Saying goodbyes also doesn't help and I have gone through a few leading to this week. Today was one with my aunt and uncle whom I had lunch with this afternoon. I spend some time there with their household members and I was a little sad because there is a strong chance that I may not be able to see my uncle again when I return as he is suffering from an incurable illness. There are also other people from the parish, who are in the same position, that I know and talked to who I may not be able to do so in two years time.

To leave in this state can be quite traumatic, to say the least.

Life carries on. I am not being stoical here, just practicing being a realist. This entry won't be the last one from Singapore before I leave. There will be another and there, I hope to close an era in this virtual log properly before I open a new entry from Rome. Till then, hold them tears first! :-D

2 comments:

mumbley said...

I think I know what you mean. You wonder if you're going to miss out on so much by not being where you feel you can contribute or feel secure in because it is familiar territory. There's a fear of what the future holds and whether you're going to lose something or things are just going to fly past and change before you can even blink.

I guess this is what is meant by being faithful to the Christ who saves and gives hope, no matter the situation; a going forth with only sandals and the clothes on your back - metaphorically speaking, of course.
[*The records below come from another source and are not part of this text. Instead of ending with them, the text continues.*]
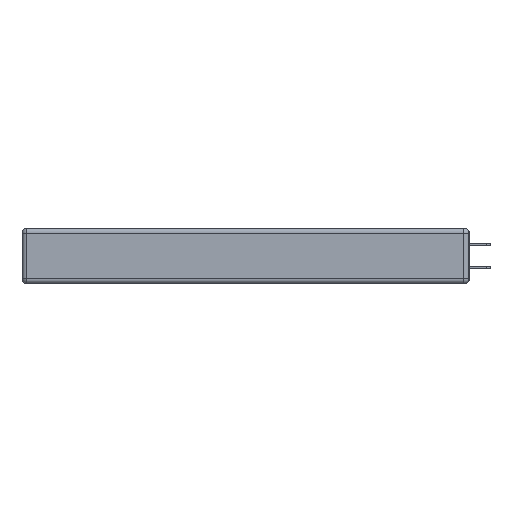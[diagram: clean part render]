
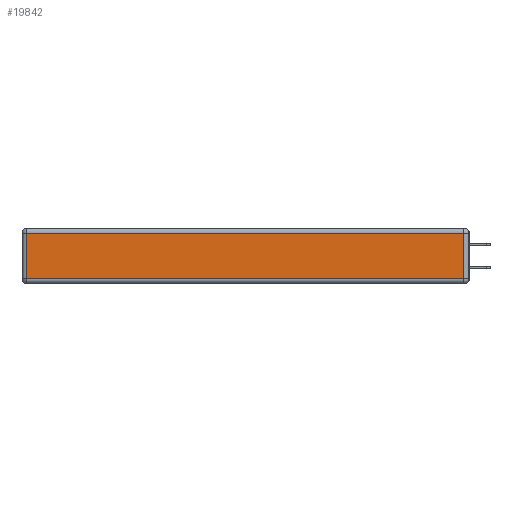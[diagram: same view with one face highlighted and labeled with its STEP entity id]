
A CAD part, left-side view. The second image highlights one B-rep face of the part: STEP entity #19842.
In plain terms, the highlighted planar face has unit normal (-1, 0, 0).
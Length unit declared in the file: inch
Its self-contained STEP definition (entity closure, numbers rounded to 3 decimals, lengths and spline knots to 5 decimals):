
#13 = CARTESIAN_POINT ( 'NONE',  ( 0., 2.72, -0.313 ) ) ;
#101 = CARTESIAN_POINT ( 'NONE',  ( 0., 0., -0.313 ) ) ;
#702 = ORIENTED_EDGE ( 'NONE', *, *, #19368, .T. ) ;
#844 = ORIENTED_EDGE ( 'NONE', *, *, #12600, .T. ) ;
#1519 = LINE ( 'NONE', #4477, #19953 ) ;
#1783 = VERTEX_POINT ( 'NONE', #13 ) ;
#1874 = VERTEX_POINT ( 'NONE', #3630 ) ;
#2186 = CARTESIAN_POINT ( 'NONE',  ( 0., 2.75, -0.03 ) ) ;
#2797 = VECTOR ( 'NONE', #11284, 39.37008 ) ;
#3630 = CARTESIAN_POINT ( 'NONE',  ( 0., 0.03, -0.313 ) ) ;
#3737 = FACE_OUTER_BOUND ( 'NONE', #17368, .T. ) ;
#4477 = CARTESIAN_POINT ( 'NONE',  ( 0., 2.72, -0.343 ) ) ;
#4670 = DIRECTION ( 'NONE',  ( -1., 0., 0. ) ) ;
#5775 = LINE ( 'NONE', #19673, #2797 ) ;
#7562 = LINE ( 'NONE', #101, #10505 ) ;
#7982 = LINE ( 'NONE', #2186, #12298 ) ;
#8021 = CARTESIAN_POINT ( 'NONE',  ( 0., 0., -0.343 ) ) ;
#8137 = DIRECTION ( 'NONE',  ( 0., 0., -1. ) ) ;
#9801 = VERTEX_POINT ( 'NONE', #19855 ) ;
#10505 = VECTOR ( 'NONE', #22179, 39.37008 ) ;
#10689 = CARTESIAN_POINT ( 'NONE',  ( 0., 2.72, -0.03 ) ) ;
#11284 = DIRECTION ( 'NONE',  ( 0., 0., 1. ) ) ;
#12298 = VECTOR ( 'NONE', #20956, 39.37008 ) ;
#12600 = EDGE_CURVE ( 'NONE', #1874, #9801, #5775, .T. ) ;
#14081 = EDGE_CURVE ( 'NONE', #1783, #1874, #7562, .T. ) ;
#16386 = PLANE ( 'NONE',  #21233 ) ;
#17291 = ORIENTED_EDGE ( 'NONE', *, *, #14081, .T. ) ;
#17368 = EDGE_LOOP ( 'NONE', ( #17291, #844, #702, #19549 ) ) ;
#17627 = VERTEX_POINT ( 'NONE', #10689 ) ;
#19368 = EDGE_CURVE ( 'NONE', #9801, #17627, #7982, .T. ) ;
#19549 = ORIENTED_EDGE ( 'NONE', *, *, #21210, .T. ) ;
#19673 = CARTESIAN_POINT ( 'NONE',  ( 0., 0.03, -0.343 ) ) ;
#19842 = ADVANCED_FACE ( 'NONE', ( #3737 ), #16386, .T. ) ;
#19855 = CARTESIAN_POINT ( 'NONE',  ( 0., 0.03, -0.03 ) ) ;
#19953 = VECTOR ( 'NONE', #8137, 39.37008 ) ;
#19981 = DIRECTION ( 'NONE',  ( 0., 0., 1. ) ) ;
#20956 = DIRECTION ( 'NONE',  ( 0., 1., 0. ) ) ;
#21210 = EDGE_CURVE ( 'NONE', #17627, #1783, #1519, .T. ) ;
#21233 = AXIS2_PLACEMENT_3D ( 'NONE', #8021, #4670, #19981 ) ;
#22179 = DIRECTION ( 'NONE',  ( 0., -1., 0. ) ) ;
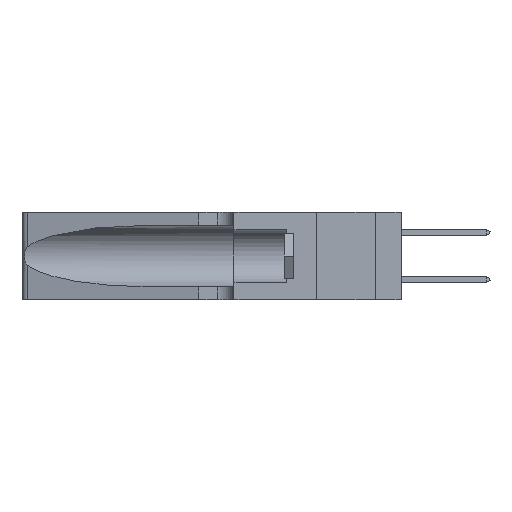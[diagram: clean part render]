
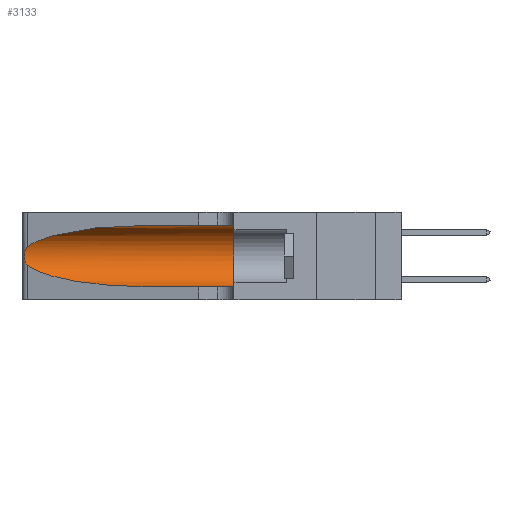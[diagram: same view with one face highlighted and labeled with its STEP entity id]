
A CAD part, left-side view. The second image highlights one B-rep face of the part: STEP entity #3133.
In plain terms, the highlighted cylindrical face has radius 3.308 mm (diameter 6.617 mm), a partial arc.
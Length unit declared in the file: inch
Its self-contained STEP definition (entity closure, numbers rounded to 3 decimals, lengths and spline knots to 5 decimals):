
#449 = CARTESIAN_POINT ( 'NONE',  ( 0.1305, 0.35, 0.05475 ) ) ;
#520 = CARTESIAN_POINT ( 'NONE',  ( 0.25555, 1.22994, 0.2215 ) ) ;
#715 =( BOUNDED_CURVE ( )  B_SPLINE_CURVE ( 3, ( #8207, #26366, #17336, #3724 ),
 .UNSPECIFIED., .F., .F. ) 
 B_SPLINE_CURVE_WITH_KNOTS ( ( 4, 4 ),
 ( 3.44316, 4.71239 ),
 .UNSPECIFIED. ) 
 CURVE ( )  GEOMETRIC_REPRESENTATION_ITEM ( )  RATIONAL_B_SPLINE_CURVE ( ( 1., 0.87, 0.87, 1. ) ) 
 REPRESENTATION_ITEM ( '' )  );
#1893 = CARTESIAN_POINT ( 'NONE',  ( 0.26075, 1.23896, 0.19203 ) ) ;
#2168 = ORIENTED_EDGE ( 'NONE', *, *, #3399, .F. ) ;
#2299 = CARTESIAN_POINT ( 'NONE',  ( 0.1305, 0.72297, 0.31525 ) ) ;
#2580 = EDGE_CURVE ( 'NONE', #17799, #6665, #6068, .T. ) ;
#2662 = AXIS2_PLACEMENT_3D ( 'NONE', #27040, #26940, #13750 ) ;
#2821 = CARTESIAN_POINT ( 'NONE',  ( 0.25487, 1.22718, 0.22369 ) ) ;
#3133 = ADVANCED_FACE ( 'NONE', ( #7573 ), #6854, .F. ) ;
#3237 = CARTESIAN_POINT ( 'NONE',  ( 0.1305, 0.35, 0.31525 ) ) ;
#3399 = EDGE_CURVE ( 'NONE', #25157, #10120, #21066, .T. ) ;
#3724 = CARTESIAN_POINT ( 'NONE',  ( 0.1305, 0.72297, 0.05475 ) ) ;
#4447 = CARTESIAN_POINT ( 'NONE',  ( 0.25487, 1.22718, 0.22369 ) ) ;
#4549 = EDGE_CURVE ( 'NONE', #6665, #24110, #715, .T. ) ;
#4880 = CARTESIAN_POINT ( 'NONE',  ( 0.25789, 1.23486, 0.15765 ) ) ;
#6068 = B_SPLINE_CURVE_WITH_KNOTS ( 'NONE', 3,
 ( #28070, #520, #16446, #20395, #6802, #15553, #1893, #8805, #24673, #29232, #4880, #23043, #11768, #27638 ),
 .UNSPECIFIED., .F., .F.,
 ( 4, 2, 2, 2, 2, 2, 4 ),
 ( 0., 0.00027, 0.00053, 0.00107, 0.0016, 0.00187, 0.00214 ),
 .UNSPECIFIED. ) ;
#6665 = VERTEX_POINT ( 'NONE', #16554 ) ;
#6802 = CARTESIAN_POINT ( 'NONE',  ( 0.25854, 1.2359, 0.20912 ) ) ;
#6854 = CYLINDRICAL_SURFACE ( 'NONE', #22520, 0.13025 ) ;
#7206 = EDGE_CURVE ( 'NONE', #24110, #10120, #23578, .T. ) ;
#7573 = FACE_OUTER_BOUND ( 'NONE', #28408, .T. ) ;
#8157 = CARTESIAN_POINT ( 'NONE',  ( 0.1305, 1.61858, 0.31525 ) ) ;
#8207 = CARTESIAN_POINT ( 'NONE',  ( 0.25487, 1.22718, 0.14631 ) ) ;
#8805 = CARTESIAN_POINT ( 'NONE',  ( 0.26075, 1.23896, 0.178 ) ) ;
#8980 = CARTESIAN_POINT ( 'NONE',  ( 0.1305, 0.72297, 0.05475 ) ) ;
#10120 = VERTEX_POINT ( 'NONE', #449 ) ;
#11768 = CARTESIAN_POINT ( 'NONE',  ( 0.25555, 1.22993, 0.14849 ) ) ;
#13736 = ORIENTED_EDGE ( 'NONE', *, *, #22455, .F. ) ;
#13750 = DIRECTION ( 'NONE',  ( 0., 0., 1. ) ) ;
#15318 = CARTESIAN_POINT ( 'NONE',  ( 0.1305, 1.61858, 0.05475 ) ) ;
#15553 = CARTESIAN_POINT ( 'NONE',  ( 0.26018, 1.23835, 0.19895 ) ) ;
#16396 =( BOUNDED_CURVE ( )  B_SPLINE_CURVE ( 3, ( #2299, #20227, #20521, #4447 ),
 .UNSPECIFIED., .F., .T. ) 
 B_SPLINE_CURVE_WITH_KNOTS ( ( 4, 4 ),
 ( 1.5708, 2.84003 ),
 .UNSPECIFIED. ) 
 CURVE ( )  GEOMETRIC_REPRESENTATION_ITEM ( )  RATIONAL_B_SPLINE_CURVE ( ( 1., 0.87, 0.87, 1. ) ) 
 REPRESENTATION_ITEM ( '' )  );
#16446 = CARTESIAN_POINT ( 'NONE',  ( 0.25639, 1.23184, 0.21858 ) ) ;
#16554 = CARTESIAN_POINT ( 'NONE',  ( 0.25487, 1.22718, 0.14631 ) ) ;
#16676 = EDGE_CURVE ( 'NONE', #25128, #17799, #16396, .T. ) ;
#17336 = CARTESIAN_POINT ( 'NONE',  ( 0.18966, 0.96281, 0.05475 ) ) ;
#17799 = VERTEX_POINT ( 'NONE', #2821 ) ;
#18955 = CARTESIAN_POINT ( 'NONE',  ( 0.1305, 0.72297, 0.31525 ) ) ;
#20227 = CARTESIAN_POINT ( 'NONE',  ( 0.18966, 0.96281, 0.31525 ) ) ;
#20263 = ORIENTED_EDGE ( 'NONE', *, *, #7206, .T. ) ;
#20395 = CARTESIAN_POINT ( 'NONE',  ( 0.25787, 1.23484, 0.2124 ) ) ;
#20521 = CARTESIAN_POINT ( 'NONE',  ( 0.2373, 1.15595, 0.28018 ) ) ;
#20540 = DIRECTION ( 'NONE',  ( 0., -1., 0. ) ) ;
#20637 = DIRECTION ( 'NONE',  ( 0., 0., -1. ) ) ;
#21066 = CIRCLE ( 'NONE', #2662, 0.13025 ) ;
#22105 = ORIENTED_EDGE ( 'NONE', *, *, #2580, .T. ) ;
#22455 = EDGE_CURVE ( 'NONE', #25128, #25157, #26320, .T. ) ;
#22520 = AXIS2_PLACEMENT_3D ( 'NONE', #24340, #20540, #20637 ) ;
#22905 = DIRECTION ( 'NONE',  ( 0., -1., 0. ) ) ;
#23043 = CARTESIAN_POINT ( 'NONE',  ( 0.25639, 1.23186, 0.15144 ) ) ;
#23578 = LINE ( 'NONE', #15318, #25721 ) ;
#24110 = VERTEX_POINT ( 'NONE', #8980 ) ;
#24170 = VECTOR ( 'NONE', #26203, 39.37008 ) ;
#24340 = CARTESIAN_POINT ( 'NONE',  ( 0.1305, 1.61858, 0.185 ) ) ;
#24485 = ORIENTED_EDGE ( 'NONE', *, *, #16676, .T. ) ;
#24673 = CARTESIAN_POINT ( 'NONE',  ( 0.26017, 1.23833, 0.17102 ) ) ;
#25128 = VERTEX_POINT ( 'NONE', #18955 ) ;
#25157 = VERTEX_POINT ( 'NONE', #3237 ) ;
#25721 = VECTOR ( 'NONE', #22905, 39.37008 ) ;
#25758 = ORIENTED_EDGE ( 'NONE', *, *, #4549, .T. ) ;
#26203 = DIRECTION ( 'NONE',  ( 0., -1., 0. ) ) ;
#26320 = LINE ( 'NONE', #8157, #24170 ) ;
#26366 = CARTESIAN_POINT ( 'NONE',  ( 0.2373, 1.15595, 0.08982 ) ) ;
#26940 = DIRECTION ( 'NONE',  ( 0., 1., 0. ) ) ;
#27040 = CARTESIAN_POINT ( 'NONE',  ( 0.1305, 0.35, 0.185 ) ) ;
#27638 = CARTESIAN_POINT ( 'NONE',  ( 0.25487, 1.22718, 0.14631 ) ) ;
#28070 = CARTESIAN_POINT ( 'NONE',  ( 0.25487, 1.22718, 0.22369 ) ) ;
#28408 = EDGE_LOOP ( 'NONE', ( #24485, #22105, #25758, #20263, #2168, #13736 ) ) ;
#29232 = CARTESIAN_POINT ( 'NONE',  ( 0.25856, 1.23593, 0.16098 ) ) ;
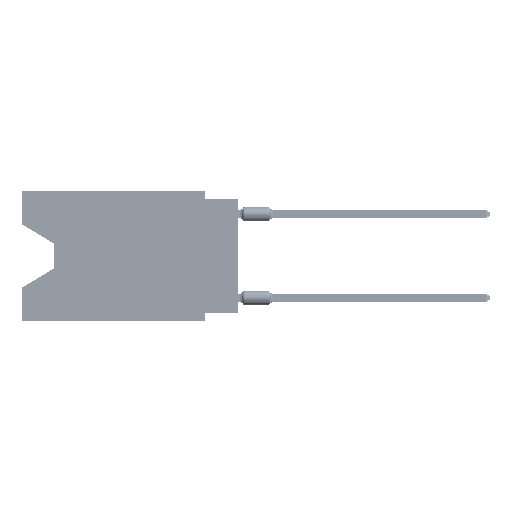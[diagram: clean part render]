
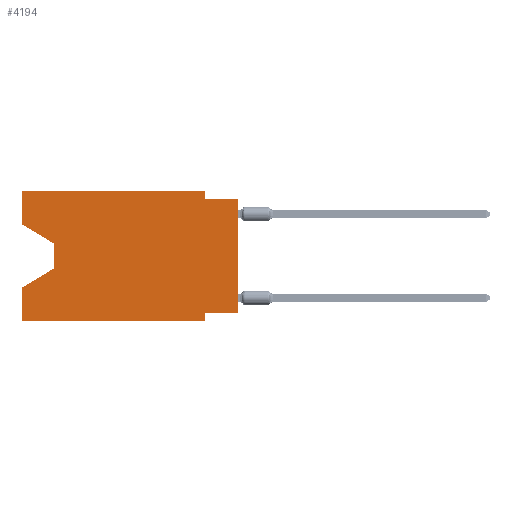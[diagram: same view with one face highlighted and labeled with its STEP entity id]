
A CAD part, left-side view. The second image highlights one B-rep face of the part: STEP entity #4194.
In plain terms, the highlighted planar face has unit normal (-1, 0, 0).
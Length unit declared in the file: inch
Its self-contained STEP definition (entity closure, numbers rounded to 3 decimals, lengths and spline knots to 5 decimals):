
#488 = LINE ( 'NONE', #60113, #50501 ) ;
#698 = EDGE_CURVE ( 'NONE', #73913, #78263, #70995, .T. ) ;
#2477 = LINE ( 'NONE', #62523, #75879 ) ;
#2803 = DIRECTION ( 'NONE',  ( 1., 0., 0. ) ) ;
#4075 = CARTESIAN_POINT ( 'NONE',  ( 0., 0.645, -0.39 ) ) ;
#4194 = ADVANCED_FACE ( 'NONE', ( #29737 ), #49593, .F. ) ;
#4595 = DIRECTION ( 'NONE',  ( 0., 1., 0. ) ) ;
#5168 = VECTOR ( 'NONE', #24438, 39.37008 ) ;
#5329 = LINE ( 'NONE', #18158, #79544 ) ;
#5443 = CARTESIAN_POINT ( 'NONE',  ( 0., 0.645, -0.10025 ) ) ;
#8737 = VECTOR ( 'NONE', #55017, 39.37008 ) ;
#9439 = CARTESIAN_POINT ( 'NONE',  ( 0., 0.645, 0. ) ) ;
#11332 = CARTESIAN_POINT ( 'NONE',  ( 0., 0.55, -0.232 ) ) ;
#12347 = EDGE_CURVE ( 'NONE', #36954, #44381, #48293, .T. ) ;
#14422 = CARTESIAN_POINT ( 'NONE',  ( 0., 0., -0.025 ) ) ;
#14560 = CARTESIAN_POINT ( 'NONE',  ( 0., 0., 0. ) ) ;
#15280 = DIRECTION ( 'NONE',  ( 0., 0., 1. ) ) ;
#15841 = ORIENTED_EDGE ( 'NONE', *, *, #48461, .T. ) ;
#16025 = DIRECTION ( 'NONE',  ( 0., -1., 0. ) ) ;
#16775 = CARTESIAN_POINT ( 'NONE',  ( 0., 0.1, -0.365 ) ) ;
#16831 = EDGE_CURVE ( 'NONE', #38713, #17680, #38605, .T. ) ;
#17680 = VERTEX_POINT ( 'NONE', #16775 ) ;
#18158 = CARTESIAN_POINT ( 'NONE',  ( 0., 0.645, 0. ) ) ;
#18285 = VECTOR ( 'NONE', #71429, 39.37008 ) ;
#18710 = VECTOR ( 'NONE', #50925, 39.37008 ) ;
#20729 = CARTESIAN_POINT ( 'NONE',  ( 0., 0.1, -0.39 ) ) ;
#24416 = VERTEX_POINT ( 'NONE', #77933 ) ;
#24438 = DIRECTION ( 'NONE',  ( 0., 0., 1. ) ) ;
#25036 = ORIENTED_EDGE ( 'NONE', *, *, #698, .F. ) ;
#25315 = LINE ( 'NONE', #5443, #18710 ) ;
#26810 = VERTEX_POINT ( 'NONE', #76331 ) ;
#26969 = VECTOR ( 'NONE', #4595, 39.37008 ) ;
#28252 = DIRECTION ( 'NONE',  ( 0., 0., 1. ) ) ;
#28670 = ORIENTED_EDGE ( 'NONE', *, *, #85103, .F. ) ;
#29737 = FACE_OUTER_BOUND ( 'NONE', #54498, .T. ) ;
#30897 = EDGE_CURVE ( 'NONE', #24416, #36940, #488, .T. ) ;
#33564 = CARTESIAN_POINT ( 'NONE',  ( 0., 0.1, -0.025 ) ) ;
#33663 = CARTESIAN_POINT ( 'NONE',  ( 0., 0.645, -0.39 ) ) ;
#36940 = VERTEX_POINT ( 'NONE', #53938 ) ;
#36954 = VERTEX_POINT ( 'NONE', #33663 ) ;
#37197 = LINE ( 'NONE', #4075, #53383 ) ;
#37846 = LINE ( 'NONE', #11332, #74374 ) ;
#38605 = LINE ( 'NONE', #84944, #26969 ) ;
#38713 = VERTEX_POINT ( 'NONE', #48976 ) ;
#39752 = DIRECTION ( 'NONE',  ( 0., -1., 0. ) ) ;
#43274 = ORIENTED_EDGE ( 'NONE', *, *, #79255, .F. ) ;
#43914 = EDGE_CURVE ( 'NONE', #17680, #71088, #77236, .T. ) ;
#44381 = VERTEX_POINT ( 'NONE', #70939 ) ;
#44500 = CARTESIAN_POINT ( 'NONE',  ( 0., 0.1, 0. ) ) ;
#47139 = ORIENTED_EDGE ( 'NONE', *, *, #43914, .F. ) ;
#48217 = VERTEX_POINT ( 'NONE', #54654 ) ;
#48261 = AXIS2_PLACEMENT_3D ( 'NONE', #9439, #2803, #83593 ) ;
#48293 = LINE ( 'NONE', #75234, #5168 ) ;
#48461 = EDGE_CURVE ( 'NONE', #36940, #44381, #37846, .T. ) ;
#48976 = CARTESIAN_POINT ( 'NONE',  ( 0., 0., -0.365 ) ) ;
#49472 = CARTESIAN_POINT ( 'NONE',  ( 0., 0.645, 0. ) ) ;
#49593 = PLANE ( 'NONE',  #48261 ) ;
#50501 = VECTOR ( 'NONE', #87032, 39.37008 ) ;
#50925 = DIRECTION ( 'NONE',  ( 0., -0.855, -0.519 ) ) ;
#51077 = DIRECTION ( 'NONE',  ( 0., 0.855, -0.519 ) ) ;
#53383 = VECTOR ( 'NONE', #16025, 39.37008 ) ;
#53792 = ORIENTED_EDGE ( 'NONE', *, *, #12347, .F. ) ;
#53938 = CARTESIAN_POINT ( 'NONE',  ( 0., 0.55, -0.232 ) ) ;
#54498 = EDGE_LOOP ( 'NONE', ( #86349, #83975, #15841, #53792, #66811, #47139, #83767, #76739, #28670, #25036, #68822, #43274 ) ) ;
#54654 = CARTESIAN_POINT ( 'NONE',  ( 0., 0., -0.025 ) ) ;
#55017 = DIRECTION ( 'NONE',  ( 0., -1., 0. ) ) ;
#56043 = CARTESIAN_POINT ( 'NONE',  ( 0., 0.1, -0.39 ) ) ;
#57744 = EDGE_CURVE ( 'NONE', #36954, #71088, #37197, .T. ) ;
#60113 = CARTESIAN_POINT ( 'NONE',  ( 0., 0.55, -0.158 ) ) ;
#61366 = LINE ( 'NONE', #14560, #80857 ) ;
#62523 = CARTESIAN_POINT ( 'NONE',  ( 0., 0.645, 0. ) ) ;
#63448 = CARTESIAN_POINT ( 'NONE',  ( 0., 0.1, 0. ) ) ;
#65311 = EDGE_CURVE ( 'NONE', #38713, #48217, #61366, .T. ) ;
#66811 = ORIENTED_EDGE ( 'NONE', *, *, #57744, .T. ) ;
#67911 = EDGE_CURVE ( 'NONE', #74985, #73913, #5329, .T. ) ;
#68822 = ORIENTED_EDGE ( 'NONE', *, *, #67911, .F. ) ;
#70939 = CARTESIAN_POINT ( 'NONE',  ( 0., 0.645, -0.28975 ) ) ;
#70995 = LINE ( 'NONE', #44500, #18285 ) ;
#71088 = VERTEX_POINT ( 'NONE', #20729 ) ;
#71429 = DIRECTION ( 'NONE',  ( 0., 0., -1. ) ) ;
#73913 = VERTEX_POINT ( 'NONE', #63448 ) ;
#74374 = VECTOR ( 'NONE', #51077, 39.37008 ) ;
#74985 = VERTEX_POINT ( 'NONE', #49472 ) ;
#75234 = CARTESIAN_POINT ( 'NONE',  ( 0., 0.645, 0. ) ) ;
#75879 = VECTOR ( 'NONE', #15280, 39.37008 ) ;
#76331 = CARTESIAN_POINT ( 'NONE',  ( 0., 0.645, -0.10025 ) ) ;
#76739 = ORIENTED_EDGE ( 'NONE', *, *, #65311, .T. ) ;
#77236 = LINE ( 'NONE', #56043, #86512 ) ;
#77933 = CARTESIAN_POINT ( 'NONE',  ( 0., 0.55, -0.158 ) ) ;
#78263 = VERTEX_POINT ( 'NONE', #33564 ) ;
#79255 = EDGE_CURVE ( 'NONE', #26810, #74985, #2477, .T. ) ;
#79544 = VECTOR ( 'NONE', #39752, 39.37008 ) ;
#80857 = VECTOR ( 'NONE', #28252, 39.37008 ) ;
#81095 = LINE ( 'NONE', #14422, #8737 ) ;
#83593 = DIRECTION ( 'NONE',  ( 0., 0., -1. ) ) ;
#83767 = ORIENTED_EDGE ( 'NONE', *, *, #16831, .F. ) ;
#83848 = DIRECTION ( 'NONE',  ( 0., 0., -1. ) ) ;
#83975 = ORIENTED_EDGE ( 'NONE', *, *, #30897, .T. ) ;
#84944 = CARTESIAN_POINT ( 'NONE',  ( 0., 0., -0.365 ) ) ;
#85103 = EDGE_CURVE ( 'NONE', #78263, #48217, #81095, .T. ) ;
#85803 = EDGE_CURVE ( 'NONE', #26810, #24416, #25315, .T. ) ;
#86349 = ORIENTED_EDGE ( 'NONE', *, *, #85803, .T. ) ;
#86512 = VECTOR ( 'NONE', #83848, 39.37008 ) ;
#87032 = DIRECTION ( 'NONE',  ( 0., 0., -1. ) ) ;

It's the uncertainty sweeping into nearly every domain of your life that's unsettling you. Just stay focused on the Christ who calls you forth with his beauty and promise of fulfilment to come! Good luck!

Anonymous said...

Hi Fr. Aloy :-), well wanna wish u all the best for ur studies,take care always..and we will keep u in our prayer..:-) Gonna miss u Fr.Aloy..have a good journey n Bon Voyage :-) God bless.